Были и другие… баловники… Их Акулька гоняла почем зря – когда ухватом, когда коромыслом, когда и вилами грозила. Горе ведь соломенной вдове, коли понесет не пойми от кого. Тут уж не остановишься, родишь одного выблядка, за ним другого, третьего… Так и называли в деревне: выблядками, а бабу – блядью. Ворота дегтем мазали, и уж не помогали, живи как знаешь… А как прожить? От забот непосильных богу душу отдать легче, ежели допрежь родами не помрешь. Да все одно, детишки сиротами останутся – страшная участь, жуткая, при живых-то отцах.
Таких отцов, впрочем, прозывали кукухами и тоже не жаловали. Мог староста под горячую руку донести управляющему в главном имении, если доводилось туда поехать. А управляющий – тот тоже: мог посмеяться, мог старосте по шее дать, чтоб не лез, дурак этакий, попусту, а мог и барину доложить или барыне. И уж тогда – как Господь даст. Старики вспоминали: при старом-то барине Фильку Седого да Макарку Порожнего барин пороть приказал, а после в каторгу отправить. Ух, лют был покойник…
Фроське сравнялось восемь, когда мамка Акулька перед кукухом не устояла. Особенный был кукух, не деревенский: за какую-то провинность прислали к ним, в глушь, карлу из главного имения. За что да про что сплавил его барин – разное болтали. То ли помрачение на карлу нашло, порезал он живность на скотном дворе. То ли слишком уж полюбила его молодая барыня, и барин, крутой норовом, велел карлу сечь нещадно, а после – в хлеву поселить, со свиньями, и не кормить. Пусть-де то жрет, что у свиней отобрать сподобится. Насилу барыня упросила – посечь больше для виду, да и отправить в дальнюю глухую деревню, богом забытую. Жалела карлу…
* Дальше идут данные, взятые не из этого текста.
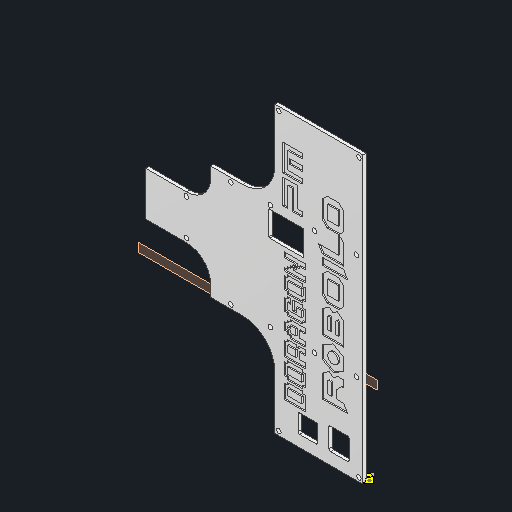
# Autodesk Inventor part: ceil
Saved by Autodesk Inventor 2023 (Build 270158000, 158)
## iProperties
Created: 2024-05-26
Part Number: ceil
Material: ABS Plastic
Document SubType Name: Modeling
Designer: szymo
Density: 1.06 g/cm^3
Appearance: Smooth - White
Mass: 27.4887 g
Surface Area: 302.13 cm^2
Volume: 25.9328 cm^3
TOTAL MASS: 0.0
Author: szymo
Autodesk Inventor part; units mm, degrees
ref_plane "YZ Plane" through (0, 0, 0) normal (1, 0, 0) x (0, 1, 0)
ref_plane "XZ Plane" through (0, 0, 0) normal (0, 1, 0) x (-1, 0, 0)
ref_plane "XY Plane" through (0, 0, 0) normal (0, 0, 1) x (1, 0, 0)
ref_plane "Work Plane1" through (-50.5, 0, 0) normal (0, 0, 1) x (1, 0, 0)
sketch "Sketch3" plane through (-50.5, 0, 0) normal (0, 0, 1) x (1, 0, 0)
  line L0 (135.5648, 0) -> (135.5648, 5.2284) projected
  line L1 (0, 5) -> (134.493, 5) projected
  line L2 (0, 0) -> (0, 5) projected
  line L3 (0, 71) -> (135.5648, 71) projected
  line L4 (0, 71) -> (0, 66) projected
  line L5 (0, 66) -> (135.5648, 66) projected
  line L6 (135.5648, 71) -> (135.5648, 66) projected
  line L7 (131.5648, 119.5) -> (134.5648, 119.5) projected
  line L8 (135.5648, 124.5) -> (135.5648, 120.5) projected
  line L9 (135.5648, 124.5) -> (51.5, 124.5) projected
  line L10 (51.5, 123.5) -> (79.5, 123.5) projected
  line L11 (80.5, 122.5) -> (80.5, 120.5) projected
  line L12 (81.5, 119.5) -> (84.5, 119.5) projected
  line L13 (85.5, 122.5) -> (85.5, 120.5) projected
  line L14 (86.5, 123.5) -> (129.5648, 123.5) projected
  line L15 (130.5648, 122.5) -> (130.5648, 120.5) projected
  line L16 (120.8148, 112) -> (120.8148, 123) projected
  line L17 (120.8148, 123) -> (94.8148, 123) projected
  line L18 (94.8148, 123) -> (94.8148, 112) projected
  line L19 (94.8148, 112) -> (120.8148, 112) projected
  line L20 (130.5648, -51.5) -> (130.5648, -49.5) projected
  line L21 (51.5, -52.5) -> (79.5, -52.5) projected
  line L22 (85.5, -51.5) -> (85.5, -49.5) projected
  line L23 (131.5648, -48.5) -> (134.5648, -48.5) projected
  line L24 (80.5, -51.5) -> (80.5, -49.5) projected
  line L25 (86.5, -52.5) -> (129.5648, -52.5) projected
  line L26 (135.5648, -53.5) -> (51.5, -53.5) projected
  line L27 (135.5648, -53.5) -> (135.5648, -49.5) projected
  line L28 (81.5, -48.5) -> (84.5, -48.5) projected
  line L29 (95.5648, -45.8) -> (95.5648, -35.2) projected
  line L30 (106.8648, -35.2) -> (95.5648, -35.2) projected
  line L31 (106.8648, -35.2) -> (106.8648, -45.8) projected
  line L32 (95.5648, -45.8) -> (106.8648, -45.8) projected
  circle A0 centre (90.4898, -49.075) radius 1.675 projected
  circle A1 centre (124.5398, -49.075) radius 1.675 projected
  line L33 (126.3648, -33.5) -> (126.3648, -45.5) projected
  line L34 (126.3648, -45.5) -> (114.7648, -45.5) projected
  line L35 (114.7648, -45.5) -> (114.7648, -33.5) projected
  line L36 (114.7648, -33.5) -> (86.8648, -33.5) projected
  line L37 (86.8648, -33.5) -> (86.8648, -52.5) projected
  line L38 (86.8648, -52.5) -> (128.0648, -52.5) projected
  line L39 (128.0648, -52.5) -> (128.0648, -33.5) projected
  line L40 (128.0648, -33.5) -> (126.3648, -33.5) projected
  line L41 (126.3648, -32.7) -> (114.7648, -32.7) projected
  line L42 (114.7648, -32.7) -> (114.7648, -45.5) projected
  line L43 (114.7648, -45.5) -> (126.3648, -45.5) projected
  line L44 (126.3648, -45.5) -> (126.3648, -32.7) projected
  line L45 (80.5, -53.5) -> (135.5648, -53.5)
  line L46 (135.5648, -53.5) -> (135.5648, 124.5)
  line L47 (135.5648, 124.5) -> (80.5, 124.5)
  line L48 (80.5, 124.5) -> (80.5, -53.5)
  line L49 (0, 22) -> (80.5, 22)
  line L50 (80.5, 22) -> (80.5, 49.5)
  line L51 (80.5, 49.5) -> (0, 49.5)
  line L52 (0, 49.5) -> (0, 22)
  line L53 (80.5, 22) -> (50.5, 22)
  line L54 (50.5, 22) -> (50.5, 0)
  line L55 (50.5, 0) -> (80.5, 0)
  line L56 (80.5, 0) -> (80.5, 22)
  line L57 (80.5, 46.5815) -> (80.5, 71)
  line L58 (80.5, 71) -> (50.5, 71)
  line L59 (50.5, 71) -> (50.5, 49.5)
  arc A2 (97.9124, 50.9) -> (98.0124, 51) centre (97.9124, 51) ccw projected
  line L60 (77.4124, 50.9) -> (97.9124, 50.9) projected
  arc A3 (77.3124, 51) -> (77.4124, 50.9) centre (77.4124, 51) ccw projected
  line L61 (77.3124, 65.5) -> (77.3124, 51) projected
  arc A4 (77.4124, 65.6) -> (77.3124, 65.5) centre (77.4124, 65.5) ccw projected
  line L62 (97.9124, 65.6) -> (77.4124, 65.6) projected
  arc A5 (98.0124, 65.5) -> (97.9124, 65.6) centre (97.9124, 65.5) ccw projected
  line L63 (98.0124, 51) -> (98.0124, 65.5) projected
  line L64 (96.2124, 63.7) -> (96.2124, 52.8) projected
  arc A6 (96.2124, 63.7) -> (95.9124, 64) centre (95.9124, 63.7) ccw projected
  line L65 (95.9124, 64) -> (95.8124, 64) projected
  line L66 (95.8124, 64) -> (95.3509, 64.55) projected
  line L67 (95.3509, 64.55) -> (94.9739, 64.55) projected
  line L68 (94.9739, 64.55) -> (94.5124, 64) projected
  line L69 (94.5124, 64) -> (90.8124, 64) projected
  line L70 (90.8124, 64) -> (90.8124, 64.35) projected
  line L71 (90.8124, 64.35) -> (89.5124, 64.35) projected
  line L72 (89.5124, 64) -> (89.5124, 64.35) projected
  line L73 (89.5124, 64) -> (85.8124, 64) projected
  line L74 (85.8124, 64) -> (85.8124, 64.35) projected
  line L75 (85.8124, 64.35) -> (84.5124, 64.35) projected
  line L76 (84.5124, 64) -> (84.5124, 64.35) projected
  line L77 (84.5124, 64) -> (80.8124, 64) projected
  line L78 (80.8124, 64) -> (80.3509, 64.55) projected
  line L79 (80.3509, 64.55) -> (79.9739, 64.55) projected
  line L80 (79.9739, 64.55) -> (79.5124, 64) projected
  line L81 (79.5124, 64) -> (79.4124, 64) projected
  arc A7 (79.4124, 64) -> (79.1124, 63.7) centre (79.4124, 63.7) ccw projected
  line L82 (79.1124, 63.7) -> (79.1124, 52.8) projected
  arc A8 (79.1124, 52.8) -> (79.4124, 52.5) centre (79.4124, 52.8) ccw projected
  line L83 (79.4124, 52.5) -> (79.5124, 52.5) projected
  line L84 (79.5124, 52.5) -> (79.9739, 51.95) projected
  line L85 (80.3509, 51.95) -> (79.9739, 51.95) projected
  line L86 (80.3509, 51.95) -> (80.8124, 52.5) projected
  line L87 (80.8124, 52.5) -> (84.5124, 52.5) projected
  line L88 (84.5124, 52.5) -> (84.5124, 52.15) projected
  line L89 (85.8124, 52.15) -> (84.5124, 52.15) projected
  line L90 (85.8124, 52.5) -> (85.8124, 52.15) projected
  line L91 (85.8124, 52.5) -> (89.5124, 52.5) projected
  line L92 (89.5124, 52.5) -> (89.5124, 52.15) projected
  line L93 (90.8124, 52.15) -> (89.5124, 52.15) projected
  line L94 (90.8124, 52.5) -> (90.8124, 52.15) projected
  line L95 (90.8124, 52.5) -> (94.5124, 52.5) projected
  line L96 (94.5124, 52.5) -> (94.9739, 51.95) projected
  line L97 (95.3509, 51.95) -> (94.9739, 51.95) projected
  line L98 (95.3509, 51.95) -> (95.8124, 52.5) projected
  line L99 (95.8124, 52.5) -> (95.9124, 52.5) projected
  arc A9 (95.9124, 52.5) -> (96.2124, 52.8) centre (95.9124, 52.8) ccw projected
  line L100 (78.1624, 55.35) -> (78.8624, 55.35) projected
  line L101 (78.8624, 55.35) -> (78.8624, 61.15) projected
  line L102 (78.1624, 61.15) -> (78.8624, 61.15) projected
  line L103 (78.1624, 61.15) -> (78.1624, 55.35) projected
  line L104 (97.1624, 61.15) -> (97.1624, 55.35) projected
  line L105 (96.4624, 61.15) -> (97.1624, 61.15) projected
  line L106 (96.4624, 55.35) -> (96.4624, 61.15) projected
  line L107 (96.4624, 55.35) -> (97.1624, 55.35) projected
  arc A10 (76.8124, 51) -> (77.4124, 50.4) centre (77.4124, 51) ccw
  line L108 (77.4124, 50.4) -> (97.9124, 50.4)
  arc A11 (97.9124, 50.4) -> (98.5124, 51) centre (97.9124, 51) ccw
  line L109 (98.5124, 51) -> (98.5124, 65.5)
  arc A12 (98.5124, 65.5) -> (97.9124, 66.1) centre (97.9124, 65.5) ccw
  line L110 (97.9124, 66.1) -> (77.4124, 66.1)
  arc A13 (77.4124, 66.1) -> (76.8124, 65.5) centre (77.4124, 65.5) ccw
  line L111 (76.8124, 65.5) -> (76.8124, 51)
  line L112 (95.0648, -34.7) -> (95.0648, -46.3)
  line L113 (95.0648, -46.3) -> (107.3648, -46.3)
  line L114 (107.3648, -46.3) -> (107.3648, -34.7)
  line L115 (107.3648, -34.7) -> (95.0648, -34.7)
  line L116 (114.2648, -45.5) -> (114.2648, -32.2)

В деревне опального приняли с почтением: мало ли что, ныне серчают на него баре, а завтра, того и гляди, снова вознесут. Поселил карлу к себе сам староста Ефимка, угощал сладко, стелил тепло.
А карла вдруг Акульку увидал – и прикипел. Та-то поначалу отмахивалась, посмеивалась: экий потешный! Росточком с Фроську, голова большущая, ножки кривые, коротенькие, руки, наоборот, длинные, чуть не до земли, сразу видать – сильные. И досмеялась мамка – сдалась, пустила в дом, на печи спать укладывала, с собою рядом. Фроська слышала по ночам: возятся они там на печи, карла пыхтит, мамка криком кричит. Страшно делалось, а после девочка поняла – мамке-то ой как хорошо…
Правда: веселый был карла. Балаболил без устали, песни пел, в пляс пускался, глазищи так и сверкали! Отзывался на «карлу», как на имя; Фроська хохотала до упаду: ишь, Карла-марла! А он на Карлу- марлу тоже отзывался, только зубы скалил, будто ярился; ну да то притворно… Баловал Фроську, по голове гладил. А уж маменька-то – пышным цветом цвела!
Так прожили до самой зимы. А потом уехал староста и воротился не один – с барскими гайдуками. Схватили те Карлу-марлу под белы рученьки, в сани закинули – поминай как звали!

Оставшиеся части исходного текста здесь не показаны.